Jon A. Webb, Bill Ross

Real-Time Parallel Stereo Vision

This is a "sampler" page of the Robotics Institute, Carnegie Mellon University.

In stereo vision the view from multiple cameras is used to compute range, or distance from the cameras. The principle is very simple, and has been known since (at least) the middle ages: points near an observer appear to move a lot when the viewpoint shifts, while points far away seem to move less. This apparent shift is known as the disparity, as shown here.
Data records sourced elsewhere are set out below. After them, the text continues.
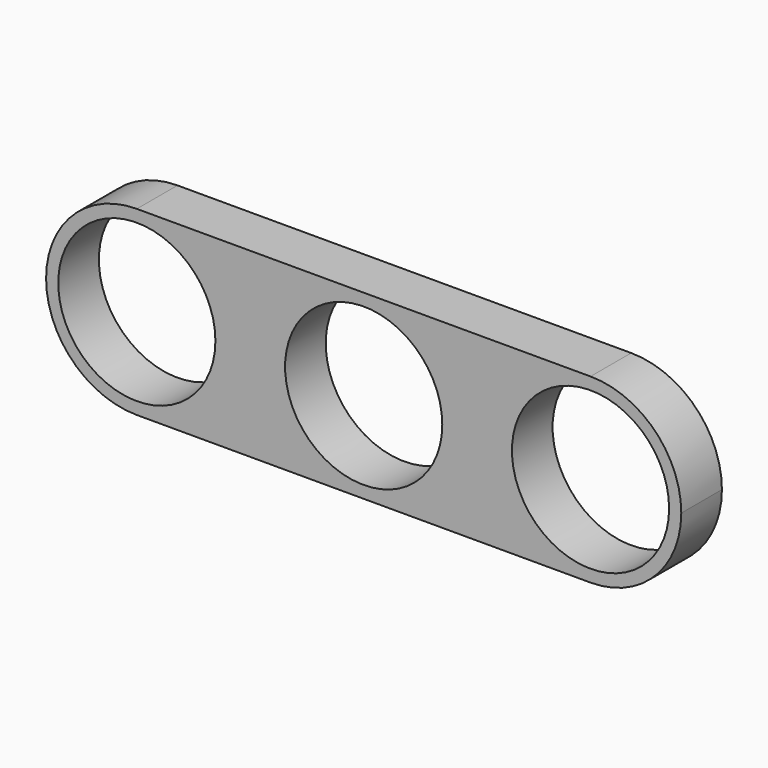
from build123d import *

# Parameters (mm, degrees)
F0_R     = 10.9982
F0_R_2   = 11
F1_DEPTH = 7.112


# Not quite as in the source:
# - a feature names something its author has since deleted; it is built from what else it names


with BuildPart() as f1:
    # F0 (on Front) → F1 (new body)
    with BuildSketch(Plane.XZ):
        with BuildLine():
            ThreePointArc((44.45, 0), (40.7302561211, 8.9802561211), (31.75, 12.7))
            ThreePointArc((31.75, 12.7), (19.05, 0), (31.75, -12.7))
            ThreePointArc((31.75, -12.7), (40.7302561211, -8.9802561211), (44.45, 0))
        make_face()
        with Locations((31.75, 0)):
            Circle(F0_R, mode=Mode.SUBTRACT)
        with BuildLine():
            ThreePointArc((-31.75, -12.7), (-22.7697438789, -8.9802561211), (-19.05, 0))
            ThreePointArc((-19.05, 0), (-22.7697438789, 8.9802561211), (-31.75, 12.7))
            ThreePointArc((-31.75, 12.7), (-44.45, 0), (-31.75, -12.7))
        make_face()
        with Locations((-31.75, 0)):
            Circle(F0_R, mode=Mode.SUBTRACT)
        with BuildLine():
            ThreePointArc((-31.75, 12.7), (-22.7697438789, 8.9802561211), (-19.05, 0))
            ThreePointArc((-19.05, 0), (-22.7697438789, -8.9802561211), (-31.75, -12.7))
            Line((-31.75, -12.7), (31.75, -12.7))
            ThreePointArc((31.75, -12.7), (19.05, 0), (31.75, 12.7))
            Line((31.75, 12.7), (-31.75, 12.7))
        make_face()
        Circle(F0_R_2, mode=Mode.SUBTRACT)
    extrude(amount=F1_DEPTH)


solid = f1.part
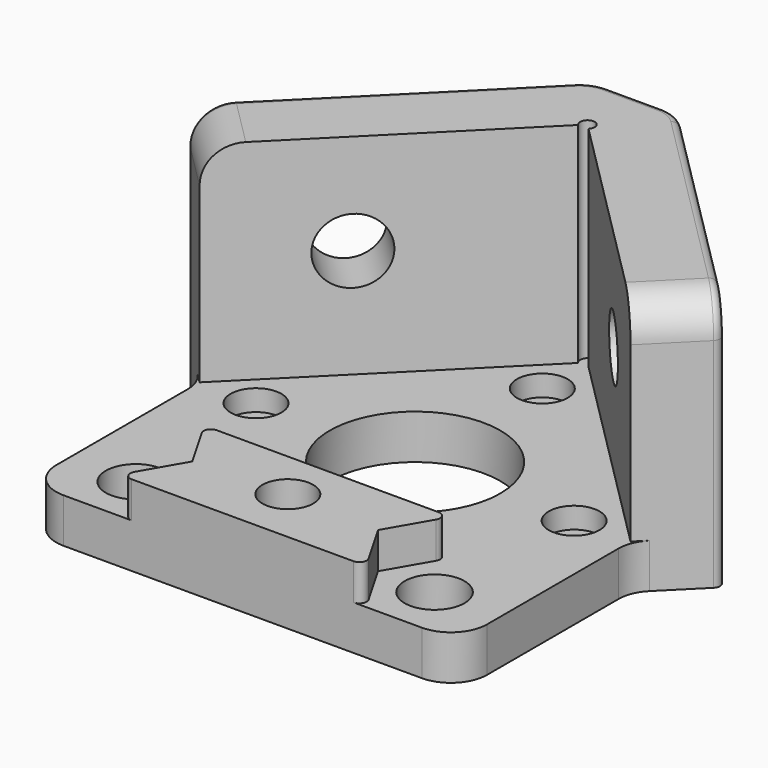
from build123d import *

# Parameters (mm, degrees)
F0_R          = 4.125
F0_R_2        = 1.7
F0_R_3        = 11.75
F1_DEPTH      = 6.13
F3_DEPTH      = 35
F4_R          = 4.5
F5_DEPTH      = 10
F6_R          = 4.25
F7_DEPTH      = 10
F8_R          = 7
F9_DEPTH      = 3
F10_R         = 7
F11_DEPTH     = 3
F13_R         = 5
F12_R         = 3.5
F14_DEPTH     = 2.9
F15_TEXT_SIZE = 7.1642815932
F16_DEPTH     = 0.25
F17_R         = 3.5
F18_DEPTH     = 5
F19_T1_DEPTH  = 32.5
F19_T3_DEPTH  = 9.3301270189
F19_T5_DEPTH  = 36.6690475583
F19_T7_DEPTH  = 7.5391052434
F19_T9_DEPTH  = 36.6690475583
F19_T12_ANGLE = 90
F19_T14_ANGLE = 45
F19_T16_ANGLE = 45
F19_T18_ANGLE = 90
F20_R         = 1
F21_DEPTH     = 28.87


# Not quite as in the source:
# - a fillet or chamfer that OpenCascade refuses, or shapes differently, is made with other operations: its cross-section is extruded or revolved along the edge and cut away or added
# - Text() gives the source's letters only with a copy of the font that has no kerning and outlines rounded to 1/6400 em; it was checked with that copy


with BuildPart() as f1:
    # F0 (on Top) → F1 (new body)
    with BuildSketch(Plane.XY):
        Polygon((-29.6984848098, 0), (0, 0), (29.6984848098, 0), (29.6984848098, 29.7), (0, 59.3984848098), (-29.6984848098, 29.7), align=None)
        with Locations((-20.59, 7.3196897832)):
            Circle(F0_R, mode=Mode.SUBTRACT)
        with Locations((0, 7.7796897832)):
            Circle(F0_R_2, mode=Mode.SUBTRACT)
        with Locations((20.59, 7.3196897832)):
            Circle(F0_R, mode=Mode.SUBTRACT)
        with Locations((-21.9203102168, 29.7)):
            Circle(F0_R_2, mode=Mode.SUBTRACT)
        with Locations((0, 29.7)):
            Circle(F0_R_3, mode=Mode.SUBTRACT)
        with Locations((21.9203102168, 29.7)):
            Circle(F0_R_2, mode=Mode.SUBTRACT)
        with Locations((0, 51.6203102168)):
            Circle(F0_R_2, mode=Mode.SUBTRACT)
    extrude(amount=F1_DEPTH)

    # F2 (on face) → F3 (join)
    with BuildSketch(Plane(origin=(0, 0, 0), x_dir=(1, 0, 0), z_dir=(0, 0, -1))):
        Polygon((0, -59.3984848098), (-29.6984848098, -29.7), (-36.7695526217, -36.7710678119), (-5.8406204336, -67.7), (0, -67.7), (5.8406204336, -67.7), (36.7695526217, -36.7710678119), (29.6984848098, -29.7), align=None)
    extrude(amount=-F3_DEPTH)

    # F4 (on face) → F5 (cut, through all)
    with BuildSketch(Plane(origin=(-29.6992424049, 29.6992424049, 0), x_dir=(0.7071067812, 0.7071067812, 0), z_dir=(0.7071067812, -0.7071067812, 0))):
        with Locations((16.6010714012, 21.13)):
            Circle(F4_R)
    extrude(amount=-F5_DEPTH, mode=Mode.SUBTRACT)

    # F6 (on face) → F7 (cut, through all)
    with BuildSketch(Plane(origin=(29.6992424049, 29.6992424049, 0), x_dir=(0.7071067812, -0.7071067812, 0), z_dir=(-0.7071067812, -0.7071067812, 0))):
        with Locations((-16.6010714012, 21.13)):
            Circle(F6_R)
    extrude(amount=-F7_DEPTH, mode=Mode.SUBTRACT)

    # F8 (on face) → F9 (cut)
    with BuildSketch(Plane(origin=(-36.7703102168, 36.7703102168, 0), x_dir=(-0.7071067812, -0.7071067812, 0), z_dir=(-0.7071067812, 0.7071067812, 0))):
        with Locations((-16.6010714005, 21.13)):
            Circle(F8_R)
    extrude(amount=-F9_DEPTH, mode=Mode.SUBTRACT)

    # F10 (on face) → F11 (cut)
    with BuildSketch(Plane(origin=(36.7703102168, 36.7703102168, 0), x_dir=(-0.7071067812, 0.7071067812, 0), z_dir=(0.7071067812, 0.7071067812, 0))):
        with Locations((16.6010714006, 21.13)):
            Circle(F10_R)
    extrude(amount=-F11_DEPTH, mode=Mode.SUBTRACT)

    # F13
    f13_edges = [f1.edges().sort_by_distance(p)[0] for p in [
        (33.234019, 33.235534, 35),
        (-33.234019, 33.235534, 35),
        (29.698485, 29.7, 3.065),
        (29.698485, 0, 3.065),
        (-29.698485, 0, 3.065),
        (-29.698485, 29.7, 3.065),
        (-5.84062, 67.7, 17.5),
        (5.84062, 67.7, 17.5),
    ]]
    fillet(f13_edges, radius=F13_R)

    # F12 (on face) → F14 (cut)
    with BuildSketch(Plane.XY.offset(6.13)):
        with Locations((0, 51.6203102168)):
            Circle(F12_R)
        with Locations((-21.9203102168, 29.7)):
            Circle(F12_R)
        with Locations((21.9203102168, 29.7)):
            Circle(F12_R)
        with Locations((0, 7.7796897832)):
            Circle(F12_R)
    extrude(amount=-F14_DEPTH, mode=Mode.SUBTRACT)

    # F15 (on face) → F16 (cut)
    with BuildSketch(Plane(origin=(-36.7703102168, 36.7703102168, 0), x_dir=(-0.7071067812, -0.7071067812, 0), z_dir=(-0.7071067812, 0.7071067812, 0))):
        with Locations((-41.6701189596, 3.2)):
            Text('SIENCI LABS', F15_TEXT_SIZE, font='Open Sans', text_align=(TextAlign.LEFT, TextAlign.BOTTOM))
    extrude(amount=-F16_DEPTH, mode=Mode.SUBTRACT)

    # F17 (on face) → F18 (join)
    with BuildSketch(Plane.XY.offset(6.13)):
        Polygon((16.692885683, 14.0696897832), (-16.692885683, 14.0696897832), (-12.7957713659, 7.3196897832), (-16.692885683, 0.5696897832), (16.692885683, 0.5696897832), (12.7957713659, 7.3196897832), align=None)
        with Locations((0, 7.7796897832)):
            Circle(F17_R, mode=Mode.SUBTRACT)
        Polygon((16.692885683, 0.5696897832), (-16.692885683, 0.5696897832), (-17.0217962327, 0), (0, 0), (17.0217962327, 0), align=None)
        Polygon((-17.0217962327, 14.6393795664), (-16.692885683, 14.0696897832), (16.692885683, 14.0696897832), (17.0217962327, 14.6393795664), (0, 14.6393795664), align=None)
    extrude(amount=F18_DEPTH)

    # F19: fillet of radius 1 on 13 edges, made by hand

    # F19_s2 → F19_t1 (cut)
    with BuildSketch(Plane.XY.offset(-2.5)):
        with BuildLine():
            ThreePointArc((36.0624458405, 37.4781745931), (36.3553390593, 36.7710678119), (36.0624458405, 36.0639610307))
            Line((36.0624458405, 36.0639610307), (36.7695526217, 36.7710678119))
            Line((36.7695526217, 36.7710678119), (36.0624458405, 37.4781745931))
        make_face()
        with BuildLine():
            ThreePointArc((-36.0624458405, 36.0639610307), (-36.3553390593, 36.7710678119), (-36.0624458405, 37.4781745931))
            Line((-36.0624458405, 37.4781745931), (-36.7695526217, 36.7710678119))
            Line((-36.7695526217, 36.7710678119), (-36.0624458405, 36.0639610307))
        make_face()
    extrude(amount=F19_T1_DEPTH, mode=Mode.SUBTRACT)

    # F19_s4 → F19_t3 (cut)
    with BuildSketch(Plane.XY.offset(6.13)):
        with BuildLine():
            ThreePointArc((-15.2897454251, 0), (-16.1557708289, 0.5), (-16.1557708289, 1.5))
            Line((-16.1557708289, 1.5), (-17.0217962327, 0))
            Line((-17.0217962327, 0), (-15.2897454251, 0))
        make_face()
        with BuildLine():
            ThreePointArc((-15.2897454251, 14.6393795664), (-16.1557708289, 14.1393795664), (-16.1557708289, 13.1393795664))
            Line((-16.1557708289, 13.1393795664), (-17.0217962327, 14.6393795664))
            Line((-17.0217962327, 14.6393795664), (-15.2897454251, 14.6393795664))
        make_face()
        with BuildLine():
            ThreePointArc((16.1557708289, 13.1393795664), (16.1557708289, 14.1393795664), (15.2897454251, 14.6393795664))
            Line((15.2897454251, 14.6393795664), (17.0217962327, 14.6393795664))
            Line((17.0217962327, 14.6393795664), (16.1557708289, 13.1393795664))
        make_face()
        with BuildLine():
            ThreePointArc((15.2897454251, 0), (16.1557708289, 0.5), (16.1557708289, 1.5))
            Line((16.1557708289, 1.5), (17.0217962327, 0))
            Line((17.0217962327, 0), (15.2897454251, 0))
        make_face()
    extrude(amount=F19_T3_DEPTH, mode=Mode.SUBTRACT)

    # F19_s6 → F19_t5 (cut)
    with BuildSketch(Plane(origin=(3.536291501, 3.536291501, 0), x_dir=(0, 0, 1), z_dir=(0.7071067812, 0.7071067812, 0))):
        with BuildLine():
            ThreePointArc((34, -52.0010714012), (34.7071067812, -51.7081781824), (35, -51.0010714012))
            Line((35, -51.0010714012), (35, -52.0010714012))
            Line((35, -52.0010714012), (34, -52.0010714012))
        make_face()
    extrude(amount=F19_T5_DEPTH, mode=Mode.SUBTRACT)

    # F19_s8 → F19_t7 (cut)
    with BuildSketch(Plane.YZ.offset(-3.7695526217)):
        with BuildLine():
            ThreePointArc((67.7, 34), (67.4071067812, 34.7071067812), (66.7, 35))
            Line((66.7, 35), (67.7, 35))
            Line((67.7, 35), (67.7, 34))
        make_face()
    extrude(amount=F19_T7_DEPTH, mode=Mode.SUBTRACT)

    # F19_s10 → F19_t9 (cut)
    with BuildSketch(Plane(origin=(-29.4652236891, 29.4652236891, 0), x_dir=(0, 0, 1), z_dir=(0.7071067812, -0.7071067812, 0))):
        with BuildLine():
            ThreePointArc((34, -52.0010714012), (34.7071067812, -51.7081781824), (35, -51.0010714012))
            Line((35, -51.0010714012), (35, -52.0010714012))
            Line((35, -52.0010714012), (34, -52.0010714012))
        make_face()
    extrude(amount=F19_T9_DEPTH, mode=Mode.SUBTRACT)

    # F19_s11 → F19_t12 (revolve, cut)
    with BuildSketch(Plane.XY.offset(30)):
        with BuildLine():
            ThreePointArc((-36.0624458405, 37.4781745931), (-36.3553390593, 36.7710678119), (-36.0624458405, 36.0639610307))
            Line((-36.0624458405, 36.0639610307), (-36.7695526217, 36.7710678119))
            Line((-36.7695526217, 36.7710678119), (-36.0624458405, 37.4781745931))
        make_face()
    revolve(axis=Axis((-33.2340187158, 40.3066017178, 30), (-0.7071067812, 0.7071067812, 0)), revolution_arc=F19_T12_ANGLE, mode=Mode.SUBTRACT)

    # F19_s13 → F19_t14 (revolve, cut)
    with BuildSketch(Plane.YZ.offset(-3.7695526217)):
        with BuildLine():
            ThreePointArc((67.7, 34), (67.4071067812, 34.7071067812), (66.7, 35))
            Line((66.7, 35), (67.7, 35))
            Line((67.7, 35), (67.7, 34))
        make_face()
    revolve(axis=Axis((-3.7695526217, 62.7, 35), (0, 0, 1)), revolution_arc=F19_T14_ANGLE, mode=Mode.SUBTRACT)

    # F19_s15 → F19_t16 (revolve, cut)
    with BuildSketch(Plane(origin=(-29.4652236891, 29.4652236891, 0), x_dir=(0, 0, 1), z_dir=(0.7071067812, -0.7071067812, 0))):
        with BuildLine():
            ThreePointArc((34, -52.0010714012), (34.7071067812, -51.7081781824), (35, -51.0010714012))
            Line((35, -51.0010714012), (35, -52.0010714012))
            Line((35, -52.0010714012), (34, -52.0010714012))
        make_face()
    revolve(axis=Axis((3.7695526217, 62.7, 35), (0, 0, 1)), revolution_arc=F19_T16_ANGLE, mode=Mode.SUBTRACT)

    # F19_s17 → F19_t18 (revolve, cut)
    with BuildSketch(Plane.XY.offset(30)):
        with BuildLine():
            ThreePointArc((36.0624458405, 37.4781745931), (36.3553390593, 36.7710678119), (36.0624458405, 36.0639610307))
            Line((36.0624458405, 36.0639610307), (36.7695526217, 36.7710678119))
            Line((36.7695526217, 36.7710678119), (36.0624458405, 37.4781745931))
        make_face()
    revolve(axis=Axis((33.2340187158, 40.3066017178, 30), (-0.7071067812, -0.7071067812, 0)), revolution_arc=F19_T18_ANGLE, mode=Mode.SUBTRACT)

    # F20 (on face) → F21 (cut, through all)
    with BuildSketch(Plane.XY.offset(35)):
        with Locations((0, 59.3984848098)):
            Circle(F20_R)
    extrude(amount=-F21_DEPTH, mode=Mode.SUBTRACT)


solid = f1.part
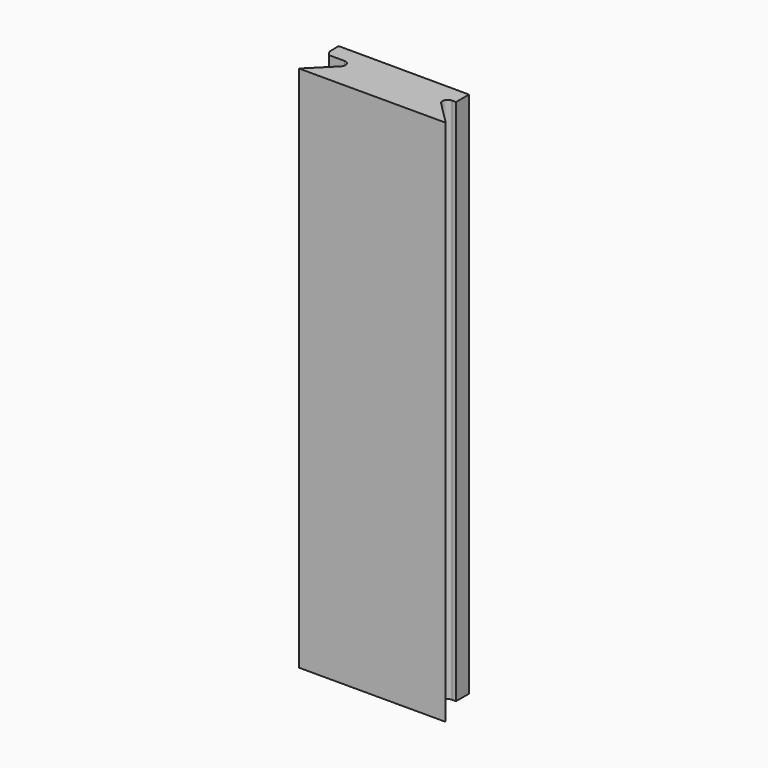
from build123d import *

# Parameters (mm, degrees)
F1_DEPTH = 25


# Not quite as in the source:
# - ends of sketch curves that miss each other by under 0.0002 mm in the source are joined


with BuildPart() as f1:
    # F0 (on Top) → F1 (new body)
    with BuildSketch(Plane.XY):
        with BuildLine():
            ThreePointArc((-68.7608035324, -59.8356334478), (-68.5298336492, -59.9899625897), (-68.5840268371, -60.2624101431))
            Line((-68.5840268371, -60.2624101431), (-69.6879495324, -61.3663324478))
            Line((-69.6879495324, -61.3663324478), (-62.7336575324, -61.3663328727))
            Line((-62.7336575324, -61.3663328727), (-63.8375805324, -60.2624108727))
            ThreePointArc((-63.8375805324, -60.2624108727), (-63.8917734155, -59.9899625897), (-63.6608035324, -59.8356334478))
            Line((-63.6608035324, -59.8356334478), (-63.4718790681, -59.8356334478))
            Line((-63.4718790681, -59.8356334478), (-63.4718790681, -59.0644426644))
            Line((-63.4718790681, -59.0644426644), (-69.6627650617, -59.0439311215))
            Line((-69.6627650617, -59.0439311215), (-69.6587313915, -59.6062613089))
            Line((-69.6587313915, -59.6062613089), (-69.491799647, -59.8356334478))
            Line((-69.491799647, -59.8356334478), (-68.7608035324, -59.8356334478))
        make_face()
    extrude(amount=F1_DEPTH)


solid = f1.part
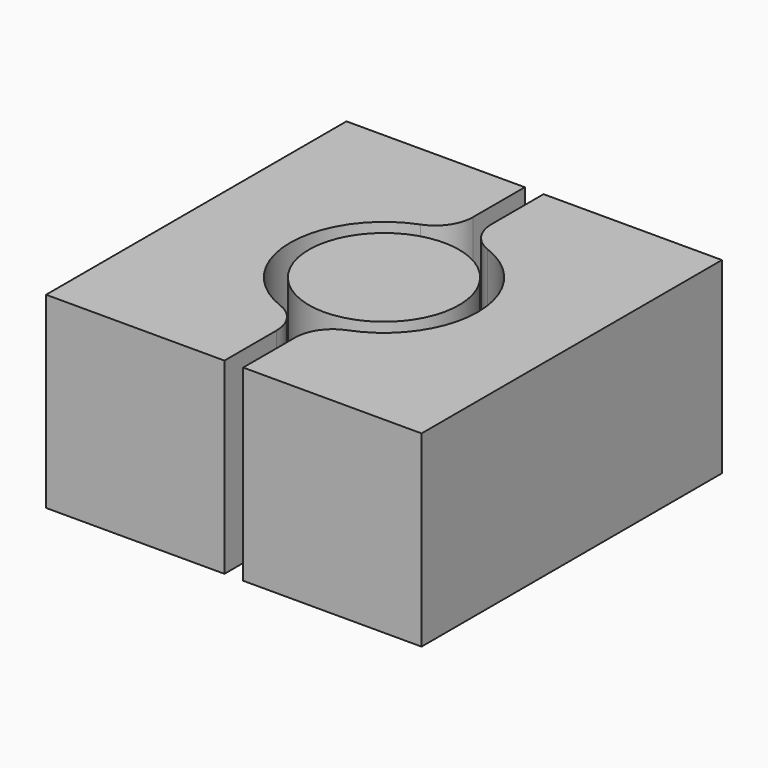
from build123d import *

# Parameters (mm, degrees)
F1_DEPTH = 5
F2_R     = 1
F2_2_R   = 1


# Not quite as in the source:
# - a feature names something its author has since deleted; it is built from what else it names


with BuildPart() as f1:
    # F0 (on Top) → F1 (new body)
    with BuildSketch(Plane.XY):
        with BuildLine():
            Line((5, -5), (5, 5))
            Line((5, 5), (0.25, 5))
            Line((0.25, 5), (0.25, 2.4874685928))
            ThreePointArc((0.25, 2.4874685928), (2.5, 0), (0.25, -2.4874685928))
            Line((0.25, -2.4874685928), (0.25, -5))
            Line((0.25, -5), (5, -5))
        make_face()
    extrude(amount=F1_DEPTH)

    # F2
    f2_edges = [f1.edges().sort_by_distance(p)[0] for p in [
        (0.25, -2.487469, 2.5),
        (0.25, 2.487469, 2.5),
    ]]
    fillet(f2_edges, radius=F2_R)


with BuildPart() as f1b:
    # F0 (on Top) → F1, piece 2 (new body)
    with BuildSketch(Plane.XY):
        with BuildLine():
            Line((-0.25, 5), (-5, 5))
            Line((-5, 5), (-5, -5))
            Line((-5, -5), (-0.25, -5))
            Line((-0.25, -5), (-0.25, -2.4874685928))
            ThreePointArc((-0.25, -2.4874685928), (-2.5, 0), (-0.25, 2.4874685928))
            Line((-0.25, 2.4874685928), (-0.25, 5))
        make_face()
    extrude(amount=F1_DEPTH)

    # F2#2
    f2_2_edges = [f1b.edges().sort_by_distance(p)[0] for p in [
        (-0.25, -2.487469, 2.5),
        (-0.25, 2.487469, 2.5),
    ]]
    fillet(f2_2_edges, radius=F2_2_R)


with BuildPart() as f1c:
    # F0 (on Top) → F1, piece 3 (new body)
    with BuildSketch(Plane.XY):
        with BuildLine():
            ThreePointArc((0, 2), (-2, 0), (0, -2))
            Line((0, -2), (0, 2))
        make_face()
        with BuildLine():
            Line((0, 2), (0, -2))
            ThreePointArc((0, -2), (2, 0), (0, 2))
        make_face()
    extrude(amount=F1_DEPTH)


solid = Compound([f1.part, f1b.part, f1c.part])

Thus, if we know the precise relationships between the cameras (position, focal length, etc.), we can determine range by comparing images and finding matching points. But while human vision does this very quickly, it is hard to do with computers. It requires a lot of computation (because so many points must be compared between the images) and it is fraught with error (because so much of the images look alike, creating false matches.)

Computational problem

In dealing with the computational problem, we can apply constraints and use powerful computers. First, the possible matches between two points cannot lie anywhere in the image; instead, they fall onto lines (called epipolar lines.) Second, if we carefully align the cameras and lenses using an adjustable jig, we can make the epipolar lines fall on the rows of the image, which makes the computation much simpler. The jig illustrated here is used to do this alignment.

Even with these optimizations and others, we still need a powerful computer to execute the algorithm in real time. For this, we use the iWarp computer, illustrated here.

iWarp is a compact computer specifically designed to execute image and signal processing algorithms efficiently:

It is systolic. This means that data can flow directly from the processor to the interprocessor communications pathway without passing through memory. This effectively doubles the memory bandwidth. Memory bandwidth is important in image and signal processing because relatively little computation is done per datum.

It is synchronous. Both processor and pathway bandwidth can be coupled directly to the external video signal, eliminating the need for expensive and timeconsuming buffering of video data.

It is powerful. Pathway bandwidth is 40 MB/s, more than enough for video. Processor power is 20 MFLOPS, or 1.28 GFLOPS for an 88 processor array, which fits in a standard 19" rack.

Dealing with error

Reducing error is the reason why we use more than two cameras. Human vision uses a lot of high-level understanding to make do with only two eyes. But with computers, it is often best to find "brute force" ways to reduce error, rather than trying to be clever. With more than two cameras, we introduce redundancy, which reduces the chance of false matches and increases accuracy. This is the essence of the Kanade-Okutomi multibaseline stereo algorithm we use.

Another way of reducing error is to project a pattern on the scene. This is not always desirable, but when we can do it it works very well. The pattern (almost any pattern will do; frequency-modulated sine waves appear to be best) provides sufficient texture for the matching algorithm to work almost anywhere in the image-except where the surface is not visible to all cameras.

The result is that we are able to capture and process images from three cameras and turn them into a 240X256X16 depth levels range image at 15 Hz, making this one of the fastest depth ranging systems ever implemented, and the fastest outright where all processing is implemented in software.